A Senate proposal that would undermine the government’s implicit support of two mortgage financing giants was denounced Thursday by a top housing industry executive, who warned against “tinkering with what remains the only strong segment of the economy.”
Jerry Howard, chief executive of the National Association of Home Builders, said the latest plan to rein in financing giants Freddie Mac and Fannie Mae was a “backdoor” effort to attack the special status that allows them to raise money at extremely favorable rates.
“To a sophisticated investor … this sends the exact wrong message,” Howard said in a conference call with reporters. “Tinkering with what remains the only strong segment of the economy at this time is a dangerous course to be pursuing right now, and we would suggest that it doesn’t make much sense.”
Howard was responding to Senate Banking Committee Chairman Richard Shelby’s R-Ala., backing for plans that would give a new regulator the authority to put Fannie Mae or Freddie Mac into “receivership” if they were to collapse. That would allow the regulator to wind down their operations.
Under the current federal charter governing the two government-sponsored enterprises only Congress has the authority to shut them down.
“You can't have it both ways,” Shelby, told reporters outside the Senate chamber, according to Reuters. “We're committed to housing, most of us on the Banking Committee are, in a big way, because it's very important, but we're also very interested in safety and soundness, and you've got to have a balance there.”
Howard said the NAHB, a powerful lobbying group, would oppose Shelby’s legislation if it includes the provision on receivership.
The dispute over seemingly obscure legislative language was the latest in a series of increasingly visible flare-ups over the future of the two institutions over the past month.
Last month Federal Reserve Chairman Alan Greenspan warned that because of their sheer size and complexity the GSEs pose “very serious” risks to the U.S. financial system. And Treasury Secretary John Snow warned that the White House would not support legislation that offered only “inadequate” reform of the system.
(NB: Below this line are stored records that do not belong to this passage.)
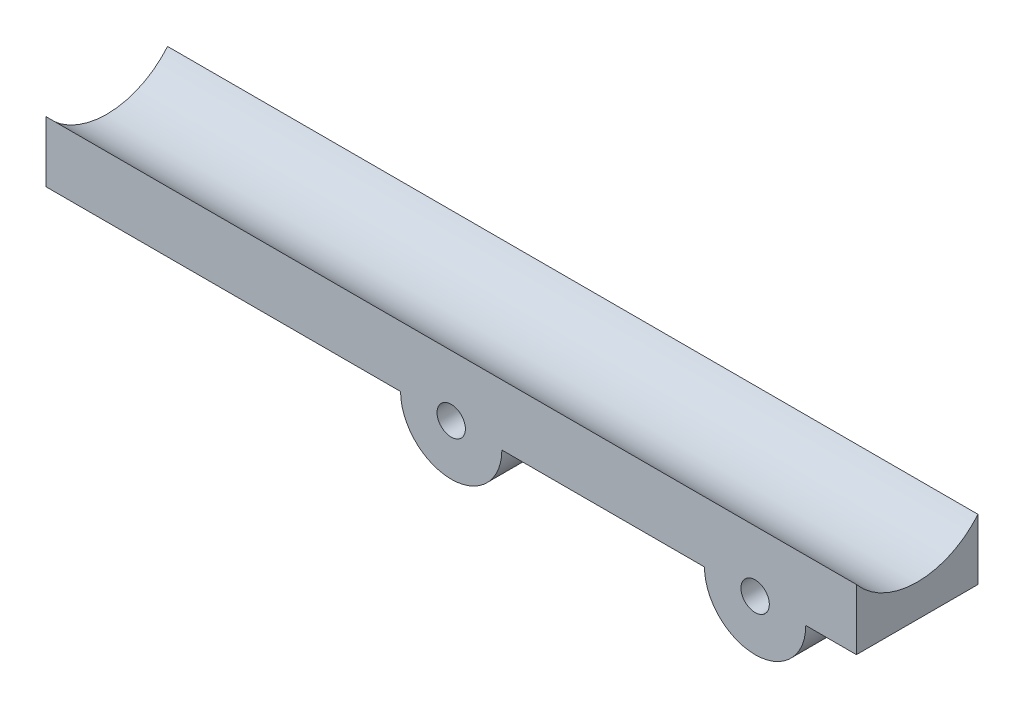
ISO-10303-21;
HEADER;
FILE_DESCRIPTION(('STEP AP214'),'2;1');
FILE_NAME('part.step','',(''),(''),'','','');
FILE_SCHEMA(('AUTOMOTIVE_DESIGN { 1 0 10303 214 1 1 1 1 }'));
ENDSEC;
DATA;
#1=APPLICATION_CONTEXT('core data for automotive mechanical design processes');
#2=APPLICATION_PROTOCOL_DEFINITION('international standard','automotive_design',2000,#1);
#3=PRODUCT_CONTEXT('',#1,'mechanical');
#4=PRODUCT('Part','Part','',(#3));
#5=PRODUCT_RELATED_PRODUCT_CATEGORY('part','',(#4));
#6=PRODUCT_DEFINITION_FORMATION('','',#4);
#7=PRODUCT_DEFINITION_CONTEXT('part definition',#1,'design');
#8=PRODUCT_DEFINITION('design','',#6,#7);
#9=PRODUCT_DEFINITION_SHAPE('','',#8);
#10=(LENGTH_UNIT() NAMED_UNIT(*) SI_UNIT(.MILLI.,.METRE.));
#11=(NAMED_UNIT(*) PLANE_ANGLE_UNIT() SI_UNIT($,.RADIAN.));
#12=(NAMED_UNIT(*) SI_UNIT($,.STERADIAN.) SOLID_ANGLE_UNIT());
#13=UNCERTAINTY_MEASURE_WITH_UNIT(LENGTH_MEASURE(1.E-05),#10,'distance_accuracy_value','');
#14=(GEOMETRIC_REPRESENTATION_CONTEXT(3) GLOBAL_UNCERTAINTY_ASSIGNED_CONTEXT((#13)) GLOBAL_UNIT_ASSIGNED_CONTEXT((#10,
#11,#12)) REPRESENTATION_CONTEXT('',''));
#15=CARTESIAN_POINT('',(0.,0.,0.));
#16=DIRECTION('',(0.,0.,1.));
#17=DIRECTION('',(1.,0.,0.));
#18=AXIS2_PLACEMENT_3D('',#15,#16,#17);
#19=CARTESIAN_POINT('',(0.,0.,0.));
#20=DIRECTION('',(0.,0.,1.));
#21=DIRECTION('',(1.,0.,0.));
#22=AXIS2_PLACEMENT_3D('',#19,#20,#21);
#23=PLANE('',#22);
#24=CARTESIAN_POINT('',(175.,0.,0.));
#25=DIRECTION('',(0.,0.,1.));
#26=DIRECTION('',(1.,0.,0.));
#27=AXIS2_PLACEMENT_3D('',#24,#25,#26);
#28=CIRCLE('',#27,8.00000000000001);
#29=CARTESIAN_POINT('',(183.,0.,0.));
#30=VERTEX_POINT('',#29);
#31=EDGE_CURVE('E223',#30,#30,#28,.T.);
#32=ORIENTED_EDGE('',*,*,#31,.T.);
#33=EDGE_LOOP('',(#32));
#34=FACE_BOUND('',#33,.T.);
#35=DIRECTION('',(1.,0.,0.));
#36=VECTOR('',#35,1.);
#37=CARTESIAN_POINT('',(0.,0.,0.));
#38=LINE('',#37,#36);
#39=CARTESIAN_POINT('',(112.5,0.,0.));
#40=VERTEX_POINT('',#39);
#41=CARTESIAN_POINT('',(162.5,0.,0.));
#42=VERTEX_POINT('',#41);
#43=EDGE_CURVE('E163',#40,#42,#38,.T.);
#44=ORIENTED_EDGE('',*,*,#43,.F.);
#45=CARTESIAN_POINT('',(100.,0.,0.));
#46=DIRECTION('',(0.,0.,1.));
#47=DIRECTION('',(1.,0.,0.));
#48=AXIS2_PLACEMENT_3D('',#45,#46,#47);
#49=CIRCLE('',#48,12.5);
#50=CARTESIAN_POINT('',(87.5,0.,0.));
#51=VERTEX_POINT('',#50);
#52=EDGE_CURVE('E108',#51,#40,#49,.T.);
#53=ORIENTED_EDGE('',*,*,#52,.F.);
#54=CARTESIAN_POINT('',(0.,0.,0.));
#55=VERTEX_POINT('',#54);
#56=EDGE_CURVE('E102',#55,#51,#38,.T.);
#57=ORIENTED_EDGE('',*,*,#56,.F.);
#58=DIRECTION('',(0.,1.,0.));
#59=VECTOR('',#58,1.);
#60=CARTESIAN_POINT('',(0.,0.,0.));
#61=LINE('',#60,#59);
#62=CARTESIAN_POINT('',(0.,15.,0.));
#63=VERTEX_POINT('',#62);
#64=EDGE_CURVE('E137',#55,#63,#61,.T.);
#65=ORIENTED_EDGE('',*,*,#64,.T.);
#66=DIRECTION('',(1.,0.,0.));
#67=VECTOR('',#66,1.);
#68=CARTESIAN_POINT('',(0.,15.,0.));
#69=LINE('',#68,#67);
#70=CARTESIAN_POINT('',(200.,15.,0.));
#71=VERTEX_POINT('',#70);
#72=EDGE_CURVE('E176',#63,#71,#69,.T.);
#73=ORIENTED_EDGE('',*,*,#72,.T.);
#74=DIRECTION('',(0.,1.,0.));
#75=VECTOR('',#74,1.);
#76=CARTESIAN_POINT('',(200.,-3.70074341541719E-13,0.));
#77=LINE('',#76,#75);
#78=CARTESIAN_POINT('',(200.,0.,0.));
#79=VERTEX_POINT('',#78);
#80=EDGE_CURVE('E172',#79,#71,#77,.T.);
#81=ORIENTED_EDGE('',*,*,#80,.F.);
#82=CARTESIAN_POINT('',(187.5,0.,0.));
#83=VERTEX_POINT('',#82);
#84=EDGE_CURVE('E169',#83,#79,#38,.T.);
#85=ORIENTED_EDGE('',*,*,#84,.F.);
#86=CARTESIAN_POINT('',(175.,0.,0.));
#87=DIRECTION('',(0.,0.,1.));
#88=DIRECTION('',(1.,0.,0.));
#89=AXIS2_PLACEMENT_3D('',#86,#87,#88);
#90=CIRCLE('',#89,12.5);
#91=EDGE_CURVE('E167',#42,#83,#90,.T.);
#92=ORIENTED_EDGE('',*,*,#91,.F.);
#93=EDGE_LOOP('',(#44,#53,#57,#65,#73,#81,#85,#92));
#94=FACE_BOUND('',#93,.T.);
#95=CARTESIAN_POINT('',(100.,0.,0.));
#96=DIRECTION('',(0.,0.,1.));
#97=DIRECTION('',(1.,0.,0.));
#98=AXIS2_PLACEMENT_3D('',#95,#96,#97);
#99=CIRCLE('',#98,8.00000000000001);
#100=CARTESIAN_POINT('',(108.,0.,0.));
#101=VERTEX_POINT('',#100);
#102=EDGE_CURVE('E236',#101,#101,#99,.T.);
#103=ORIENTED_EDGE('',*,*,#102,.T.);
#104=EDGE_LOOP('',(#103));
#105=FACE_BOUND('',#104,.T.);
#106=ADVANCED_FACE('F61',(#34,#94,#105),#23,.F.);
#107=CARTESIAN_POINT('',(0.,0.,30.));
#108=DIRECTION('',(0.,1.,0.));
#109=DIRECTION('',(-1.,0.,0.));
#110=AXIS2_PLACEMENT_3D('',#107,#108,#109);
#111=PLANE('',#110);
#112=ORIENTED_EDGE('',*,*,#43,.T.);
#113=DIRECTION('',(0.,0.,-1.));
#114=VECTOR('',#113,1.);
#115=CARTESIAN_POINT('',(162.5,0.,30.));
#116=LINE('',#115,#114);
#117=CARTESIAN_POINT('',(162.5,0.,30.));
#118=VERTEX_POINT('',#117);
#119=EDGE_CURVE('E13',#118,#42,#116,.T.);
#120=ORIENTED_EDGE('',*,*,#119,.F.);
#121=DIRECTION('',(1.,0.,0.));
#122=VECTOR('',#121,1.);
#123=CARTESIAN_POINT('',(0.,0.,30.));
#124=LINE('',#123,#122);
#125=CARTESIAN_POINT('',(112.5,0.,30.));
#126=VERTEX_POINT('',#125);
#127=EDGE_CURVE('E147',#126,#118,#124,.T.);
#128=ORIENTED_EDGE('',*,*,#127,.F.);
#129=DIRECTION('',(0.,0.,-1.));
#130=VECTOR('',#129,1.);
#131=CARTESIAN_POINT('',(112.5,0.,30.));
#132=LINE('',#131,#130);
#133=EDGE_CURVE('E162',#126,#40,#132,.T.);
#134=ORIENTED_EDGE('',*,*,#133,.T.);
#135=EDGE_LOOP('',(#112,#120,#128,#134));
#136=FACE_BOUND('',#135,.T.);
#137=ADVANCED_FACE('F258',(#136),#111,.F.);
#138=CARTESIAN_POINT('',(175.,0.,30.));
#139=DIRECTION('',(0.,0.,-1.));
#140=DIRECTION('',(-1.,0.,0.));
#141=AXIS2_PLACEMENT_3D('',#138,#139,#140);
#142=CYLINDRICAL_SURFACE('',#141,12.5);
#143=ORIENTED_EDGE('',*,*,#91,.T.);
#144=DIRECTION('',(0.,0.,-1.));
#145=VECTOR('',#144,1.);
#146=CARTESIAN_POINT('',(187.5,0.,30.));
#147=LINE('',#146,#145);
#148=CARTESIAN_POINT('',(187.5,0.,30.));
#149=VERTEX_POINT('',#148);
#150=EDGE_CURVE('E71',#149,#83,#147,.T.);
#151=ORIENTED_EDGE('',*,*,#150,.F.);
#152=CARTESIAN_POINT('',(175.,0.,30.));
#153=DIRECTION('',(0.,0.,1.));
#154=DIRECTION('',(1.,0.,0.));
#155=AXIS2_PLACEMENT_3D('',#152,#153,#154);
#156=CIRCLE('',#155,12.5);
#157=EDGE_CURVE('E116',#118,#149,#156,.T.);
#158=ORIENTED_EDGE('',*,*,#157,.F.);
#159=ORIENTED_EDGE('',*,*,#119,.T.);
#160=EDGE_LOOP('',(#143,#151,#158,#159));
#161=FACE_BOUND('',#160,.T.);
#162=ADVANCED_FACE('F63',(#161),#142,.T.);
#163=ORIENTED_EDGE('',*,*,#84,.T.);
#164=DIRECTION('',(0.,0.,-1.));
#165=VECTOR('',#164,1.);
#166=CARTESIAN_POINT('',(200.,0.,30.));
#167=LINE('',#166,#165);
#168=CARTESIAN_POINT('',(200.,0.,30.));
#169=VERTEX_POINT('',#168);
#170=EDGE_CURVE('E139',#169,#79,#167,.T.);
#171=ORIENTED_EDGE('',*,*,#170,.F.);
#172=EDGE_CURVE('E146',#149,#169,#124,.T.);
#173=ORIENTED_EDGE('',*,*,#172,.F.);
#174=ORIENTED_EDGE('',*,*,#150,.T.);
#175=EDGE_LOOP('',(#163,#171,#173,#174));
#176=FACE_BOUND('',#175,.T.);
#177=ADVANCED_FACE('F195',(#176),#111,.F.);
#178=CARTESIAN_POINT('',(200.,-3.70074341541719E-13,30.));
#179=DIRECTION('',(-1.,0.,0.));
#180=DIRECTION('',(0.,-1.,0.));
#181=AXIS2_PLACEMENT_3D('',#178,#179,#180);
#182=PLANE('',#181);
#183=ORIENTED_EDGE('',*,*,#80,.T.);
#184=CARTESIAN_POINT('',(200.,27.5714285714286,15.));
#185=DIRECTION('',(-1.,0.,0.));
#186=DIRECTION('',(0.,-1.,0.));
#187=AXIS2_PLACEMENT_3D('',#184,#185,#186);
#188=CIRCLE('',#187,19.5714285714286);
#189=CARTESIAN_POINT('',(200.,15.,30.));
#190=VERTEX_POINT('',#189);
#191=EDGE_CURVE('E245',#190,#71,#188,.F.);
#192=ORIENTED_EDGE('',*,*,#191,.F.);
#193=DIRECTION('',(0.,1.,0.));
#194=VECTOR('',#193,1.);
#195=CARTESIAN_POINT('',(200.,-3.70074341541719E-13,30.));
#196=LINE('',#195,#194);
#197=EDGE_CURVE('E156',#169,#190,#196,.T.);
#198=ORIENTED_EDGE('',*,*,#197,.F.);
#199=ORIENTED_EDGE('',*,*,#170,.T.);
#200=EDGE_LOOP('',(#183,#192,#198,#199));
#201=FACE_BOUND('',#200,.T.);
#202=ADVANCED_FACE('F254',(#201),#182,.F.);
#203=CARTESIAN_POINT('',(0.,0.,30.));
#204=DIRECTION('',(-1.,0.,0.));
#205=DIRECTION('',(0.,0.,1.));
#206=AXIS2_PLACEMENT_3D('',#203,#204,#205);
#207=PLANE('',#206);
#208=CARTESIAN_POINT('',(0.,27.5714285714286,15.));
#209=DIRECTION('',(-1.,0.,0.));
#210=DIRECTION('',(0.,0.,1.));
#211=AXIS2_PLACEMENT_3D('',#208,#209,#210);
#212=CIRCLE('',#211,19.5714285714286);
#213=CARTESIAN_POINT('',(0.,15.,30.));
#214=VERTEX_POINT('',#213);
#215=EDGE_CURVE('E224',#63,#214,#212,.T.);
#216=ORIENTED_EDGE('',*,*,#215,.F.);
#217=ORIENTED_EDGE('',*,*,#64,.F.);
#218=DIRECTION('',(0.,0.,-1.));
#219=VECTOR('',#218,1.);
#220=CARTESIAN_POINT('',(0.,0.,30.));
#221=LINE('',#220,#219);
#222=CARTESIAN_POINT('',(0.,0.,30.));
#223=VERTEX_POINT('',#222);
#224=EDGE_CURVE('E130',#223,#55,#221,.T.);
#225=ORIENTED_EDGE('',*,*,#224,.F.);
#226=DIRECTION('',(0.,1.,0.));
#227=VECTOR('',#226,1.);
#228=CARTESIAN_POINT('',(0.,0.,30.));
#229=LINE('',#228,#227);
#230=EDGE_CURVE('E135',#223,#214,#229,.T.);
#231=ORIENTED_EDGE('',*,*,#230,.T.);
#232=EDGE_LOOP('',(#216,#217,#225,#231));
#233=FACE_BOUND('',#232,.T.);
#234=ADVANCED_FACE('F133',(#233),#207,.T.);
#235=ORIENTED_EDGE('',*,*,#56,.T.);
#236=DIRECTION('',(0.,0.,-1.));
#237=VECTOR('',#236,1.);
#238=CARTESIAN_POINT('',(87.5,0.,30.));
#239=LINE('',#238,#237);
#240=CARTESIAN_POINT('',(87.5,0.,30.));
#241=VERTEX_POINT('',#240);
#242=EDGE_CURVE('E140',#241,#51,#239,.T.);
#243=ORIENTED_EDGE('',*,*,#242,.F.);
#244=EDGE_CURVE('E142',#223,#241,#124,.T.);
#245=ORIENTED_EDGE('',*,*,#244,.F.);
#246=ORIENTED_EDGE('',*,*,#224,.T.);
#247=EDGE_LOOP('',(#235,#243,#245,#246));
#248=FACE_BOUND('',#247,.T.);
#249=ADVANCED_FACE('F143',(#248),#111,.F.);
#250=CARTESIAN_POINT('',(100.,0.,30.));
#251=DIRECTION('',(0.,0.,-1.));
#252=DIRECTION('',(-1.,0.,0.));
#253=AXIS2_PLACEMENT_3D('',#250,#251,#252);
#254=CYLINDRICAL_SURFACE('',#253,12.5);
#255=ORIENTED_EDGE('',*,*,#52,.T.);
#256=ORIENTED_EDGE('',*,*,#133,.F.);
#257=CARTESIAN_POINT('',(100.,0.,30.));
#258=DIRECTION('',(0.,0.,1.));
#259=DIRECTION('',(1.,0.,0.));
#260=AXIS2_PLACEMENT_3D('',#257,#258,#259);
#261=CIRCLE('',#260,12.5);
#262=EDGE_CURVE('E79',#241,#126,#261,.T.);
#263=ORIENTED_EDGE('',*,*,#262,.F.);
#264=ORIENTED_EDGE('',*,*,#242,.T.);
#265=EDGE_LOOP('',(#255,#256,#263,#264));
#266=FACE_BOUND('',#265,.T.);
#267=ADVANCED_FACE('F260',(#266),#254,.T.);
#268=CARTESIAN_POINT('',(0.,0.,30.));
#269=DIRECTION('',(0.,0.,1.));
#270=DIRECTION('',(1.,0.,0.));
#271=AXIS2_PLACEMENT_3D('',#268,#269,#270);
#272=PLANE('',#271);
#273=CARTESIAN_POINT('',(100.,0.,30.));
#274=DIRECTION('',(0.,0.,1.));
#275=DIRECTION('',(1.,0.,0.));
#276=AXIS2_PLACEMENT_3D('',#273,#274,#275);
#277=CIRCLE('',#276,3.50000000000001);
#278=CARTESIAN_POINT('',(103.5,0.,30.));
#279=VERTEX_POINT('',#278);
#280=EDGE_CURVE('E168',#279,#279,#277,.T.);
#281=ORIENTED_EDGE('',*,*,#280,.F.);
#282=EDGE_LOOP('',(#281));
#283=FACE_BOUND('',#282,.T.);
#284=CARTESIAN_POINT('',(175.,0.,30.));
#285=DIRECTION('',(0.,0.,1.));
#286=DIRECTION('',(1.,0.,0.));
#287=AXIS2_PLACEMENT_3D('',#284,#285,#286);
#288=CIRCLE('',#287,3.49999999999999);
#289=CARTESIAN_POINT('',(178.5,0.,30.));
#290=VERTEX_POINT('',#289);
#291=EDGE_CURVE('E211',#290,#290,#288,.T.);
#292=ORIENTED_EDGE('',*,*,#291,.F.);
#293=EDGE_LOOP('',(#292));
#294=FACE_BOUND('',#293,.T.);
#295=ORIENTED_EDGE('',*,*,#127,.T.);
#296=ORIENTED_EDGE('',*,*,#157,.T.);
#297=ORIENTED_EDGE('',*,*,#172,.T.);
#298=ORIENTED_EDGE('',*,*,#197,.T.);
#299=DIRECTION('',(1.,0.,0.));
#300=VECTOR('',#299,1.);
#301=CARTESIAN_POINT('',(0.,15.,30.));
#302=LINE('',#301,#300);
#303=EDGE_CURVE('E152',#214,#190,#302,.T.);
#304=ORIENTED_EDGE('',*,*,#303,.F.);
#305=ORIENTED_EDGE('',*,*,#230,.F.);
#306=ORIENTED_EDGE('',*,*,#244,.T.);
#307=ORIENTED_EDGE('',*,*,#262,.T.);
#308=EDGE_LOOP('',(#295,#296,#297,#298,#304,#305,#306,#307));
#309=FACE_BOUND('',#308,.T.);
#310=ADVANCED_FACE('F149',(#283,#294,#309),#272,.T.);
#311=CARTESIAN_POINT('',(175.,0.,-0.001000000000001));
#312=DIRECTION('',(0.,0.,1.));
#313=DIRECTION('',(1.,0.,0.));
#314=AXIS2_PLACEMENT_3D('',#311,#312,#313);
#315=CYLINDRICAL_SURFACE('',#314,3.49999999999999);
#316=CARTESIAN_POINT('',(175.,0.,3.));
#317=DIRECTION('',(0.,0.,1.));
#318=DIRECTION('',(1.,0.,0.));
#319=AXIS2_PLACEMENT_3D('',#316,#317,#318);
#320=CIRCLE('',#319,3.49999999999999);
#321=CARTESIAN_POINT('',(178.5,0.,3.));
#322=VERTEX_POINT('',#321);
#323=EDGE_CURVE('E219',#322,#322,#320,.T.);
#324=ORIENTED_EDGE('',*,*,#323,.F.);
#325=EDGE_LOOP('',(#324));
#326=FACE_BOUND('',#325,.T.);
#327=ORIENTED_EDGE('',*,*,#291,.T.);
#328=EDGE_LOOP('',(#327));
#329=FACE_BOUND('',#328,.T.);
#330=ADVANCED_FACE('F268',(#326,#329),#315,.F.);
#331=CARTESIAN_POINT('',(100.,0.,-0.001000000000001));
#332=DIRECTION('',(0.,0.,1.));
#333=DIRECTION('',(1.,0.,0.));
#334=AXIS2_PLACEMENT_3D('',#331,#332,#333);
#335=CYLINDRICAL_SURFACE('',#334,3.50000000000001);
#336=CARTESIAN_POINT('',(100.,0.,3.));
#337=DIRECTION('',(0.,0.,1.));
#338=DIRECTION('',(1.,0.,0.));
#339=AXIS2_PLACEMENT_3D('',#336,#337,#338);
#340=CIRCLE('',#339,3.50000000000001);
#341=CARTESIAN_POINT('',(103.5,0.,3.));
#342=VERTEX_POINT('',#341);
#343=EDGE_CURVE('E232',#342,#342,#340,.T.);
#344=ORIENTED_EDGE('',*,*,#343,.F.);
#345=EDGE_LOOP('',(#344));
#346=FACE_BOUND('',#345,.T.);
#347=ORIENTED_EDGE('',*,*,#280,.T.);
#348=EDGE_LOOP('',(#347));
#349=FACE_BOUND('',#348,.T.);
#350=ADVANCED_FACE('F282',(#346,#349),#335,.F.);
#351=CARTESIAN_POINT('',(100.,0.,52.6274169979695));
#352=DIRECTION('',(0.,0.,-1.));
#353=DIRECTION('',(-1.,0.,0.));
#354=AXIS2_PLACEMENT_3D('',#351,#352,#353);
#355=CYLINDRICAL_SURFACE('',#354,8.00000000000001);
#356=ORIENTED_EDGE('',*,*,#102,.F.);
#357=EDGE_LOOP('',(#356));
#358=FACE_BOUND('',#357,.T.);
#359=CARTESIAN_POINT('',(100.,0.,3.));
#360=DIRECTION('',(0.,0.,1.));
#361=DIRECTION('',(1.,0.,0.));
#362=AXIS2_PLACEMENT_3D('',#359,#360,#361);
#363=CIRCLE('',#362,8.00000000000001);
#364=CARTESIAN_POINT('',(108.,0.,3.));
#365=VERTEX_POINT('',#364);
#366=EDGE_CURVE('E215',#365,#365,#363,.T.);
#367=ORIENTED_EDGE('',*,*,#366,.T.);
#368=EDGE_LOOP('',(#367));
#369=FACE_BOUND('',#368,.T.);
#370=ADVANCED_FACE('F286',(#358,#369),#355,.F.);
#371=CARTESIAN_POINT('',(0.,0.,3.));
#372=DIRECTION('',(0.,0.,1.));
#373=DIRECTION('',(1.,0.,0.));
#374=AXIS2_PLACEMENT_3D('',#371,#372,#373);
#375=PLANE('',#374);
#376=ORIENTED_EDGE('',*,*,#343,.T.);
#377=EDGE_LOOP('',(#376));
#378=FACE_BOUND('',#377,.T.);
#379=ORIENTED_EDGE('',*,*,#366,.F.);
#380=EDGE_LOOP('',(#379));
#381=FACE_BOUND('',#380,.T.);
#382=ADVANCED_FACE('F292',(#378,#381),#375,.F.);
#383=CARTESIAN_POINT('',(175.,0.,52.6274169979695));
#384=DIRECTION('',(0.,0.,-1.));
#385=DIRECTION('',(-1.,0.,0.));
#386=AXIS2_PLACEMENT_3D('',#383,#384,#385);
#387=CYLINDRICAL_SURFACE('',#386,8.00000000000001);
#388=ORIENTED_EDGE('',*,*,#31,.F.);
#389=EDGE_LOOP('',(#388));
#390=FACE_BOUND('',#389,.T.);
#391=CARTESIAN_POINT('',(175.,0.,3.));
#392=DIRECTION('',(0.,0.,1.));
#393=DIRECTION('',(1.,0.,0.));
#394=AXIS2_PLACEMENT_3D('',#391,#392,#393);
#395=CIRCLE('',#394,8.00000000000001);
#396=CARTESIAN_POINT('',(183.,0.,3.));
#397=VERTEX_POINT('',#396);
#398=EDGE_CURVE('E228',#397,#397,#395,.T.);
#399=ORIENTED_EDGE('',*,*,#398,.T.);
#400=EDGE_LOOP('',(#399));
#401=FACE_BOUND('',#400,.T.);
#402=ADVANCED_FACE('F288',(#390,#401),#387,.F.);
#403=CARTESIAN_POINT('',(0.,0.,3.));
#404=DIRECTION('',(0.,0.,1.));
#405=DIRECTION('',(1.,0.,0.));
#406=AXIS2_PLACEMENT_3D('',#403,#404,#405);
#407=PLANE('',#406);
#408=ORIENTED_EDGE('',*,*,#323,.T.);
#409=EDGE_LOOP('',(#408));
#410=FACE_BOUND('',#409,.T.);
#411=ORIENTED_EDGE('',*,*,#398,.F.);
#412=EDGE_LOOP('',(#411));
#413=FACE_BOUND('',#412,.T.);
#414=ADVANCED_FACE('F291',(#410,#413),#407,.F.);
#415=CARTESIAN_POINT('',(200.001,27.5714285714286,15.));
#416=DIRECTION('',(-1.,0.,0.));
#417=DIRECTION('',(0.,0.,1.));
#418=AXIS2_PLACEMENT_3D('',#415,#416,#417);
#419=CYLINDRICAL_SURFACE('',#418,19.5714285714286);
#420=ORIENTED_EDGE('',*,*,#191,.T.);
#421=ORIENTED_EDGE('',*,*,#72,.F.);
#422=ORIENTED_EDGE('',*,*,#215,.T.);
#423=ORIENTED_EDGE('',*,*,#303,.T.);
#424=EDGE_LOOP('',(#420,#421,#422,#423));
#425=FACE_BOUND('',#424,.T.);
#426=ADVANCED_FACE('F251',(#425),#419,.F.);
#427=CLOSED_SHELL('',(#106,#137,#162,#177,#202,#234,#249,#267,#310,#330,#350,#370,#382,#402,
#414,#426));
#428=MANIFOLD_SOLID_BREP('B2',#427);
#429=ADVANCED_BREP_SHAPE_REPRESENTATION('',(#18,#428),#14);
#430=SHAPE_DEFINITION_REPRESENTATION(#9,#429);
ENDSEC;
END-ISO-10303-21;

While the GSEs have played a major role in the record housing boom that has helped keep the economy growing in recent years, the two companies have been squirming in the spotlight since revelations of massive accounting problems at Freddie Mac last year.
Freddie Mac’s chief executive was forced out, the company was ordered to pay a $125 million fine and it has restated its financial results for 2000, 2001 and 2002. In a recent filing the company said it hopes to provide 2003 results by July 30 — six months behind schedule.
But the housing industry, which has enjoyed three straight years of record sales, is loath to make any changes that might adversely affect mortgage rates, which have dropped in recent weeks to approach the 45-year lows they touched last summer.
The implicit government backing allows Fannie Mae and Freddie Mac to sell debt at only slightly above what investors pay for Treasury securities, lowering their borrowing costs by nearly a half-percentage point, according to one congressional study.
But a recent Fed study, cited by Greenspan, contends that most of the benefit goes to shareholders of the two companies rather than ordinary borrowers. The liquidity provided by Fannie and Freddie cuts the average mortgage rate by only 0.07 percentage point, according to the Fed study.
David Seiders, chief economist for the home builders, disputes that assertion and says the effect on mortgage rates is “an incredibly uncertain point.”
He said Shelby’s proposal is a “rather clever” attack on the GSE status of the two companies. “Because if you change the market perception of what they are and their relation to the government you really could affect the mortgage rate.”
Jonathan Ukeiley, a credit analyst at Standard & Poor’s, said the credit agency would have to review its current ratings of Fannie Mae and Freddie Mac debt if the legislation moves forward, which is far from certain.
“Any legislation that puts the government in a position in which it is distancing itself away from Freddie Mac and Fannie Mae, we would have to take that into account and then potentially reassess our understanding of the relationship between the government and the GSEs,” he said.
Bert Ely, a Washington consultant who specializes in banking issues, said the receivership issue is only one of many thorny questions that make passage of reform bill questionable this year.
“On top of all the politics there are some difficult substantive issues,” he said. “I’m not convinced Congress is ready to pass something unless there is a fairly high belief that it would be credible.”
Ultimately he said the solution is more radical: to “privatize” the two GSEs, eliminating their special advantages and allowing banks and thrifts to compete in the giant secondary mortgage business. Ely’s idea has been championed by the conservative American Enterprise Institute, but Ely conceded it is still only in “the think tank stage.”
“At this point in time there certainly are very few people focused on it,” he said.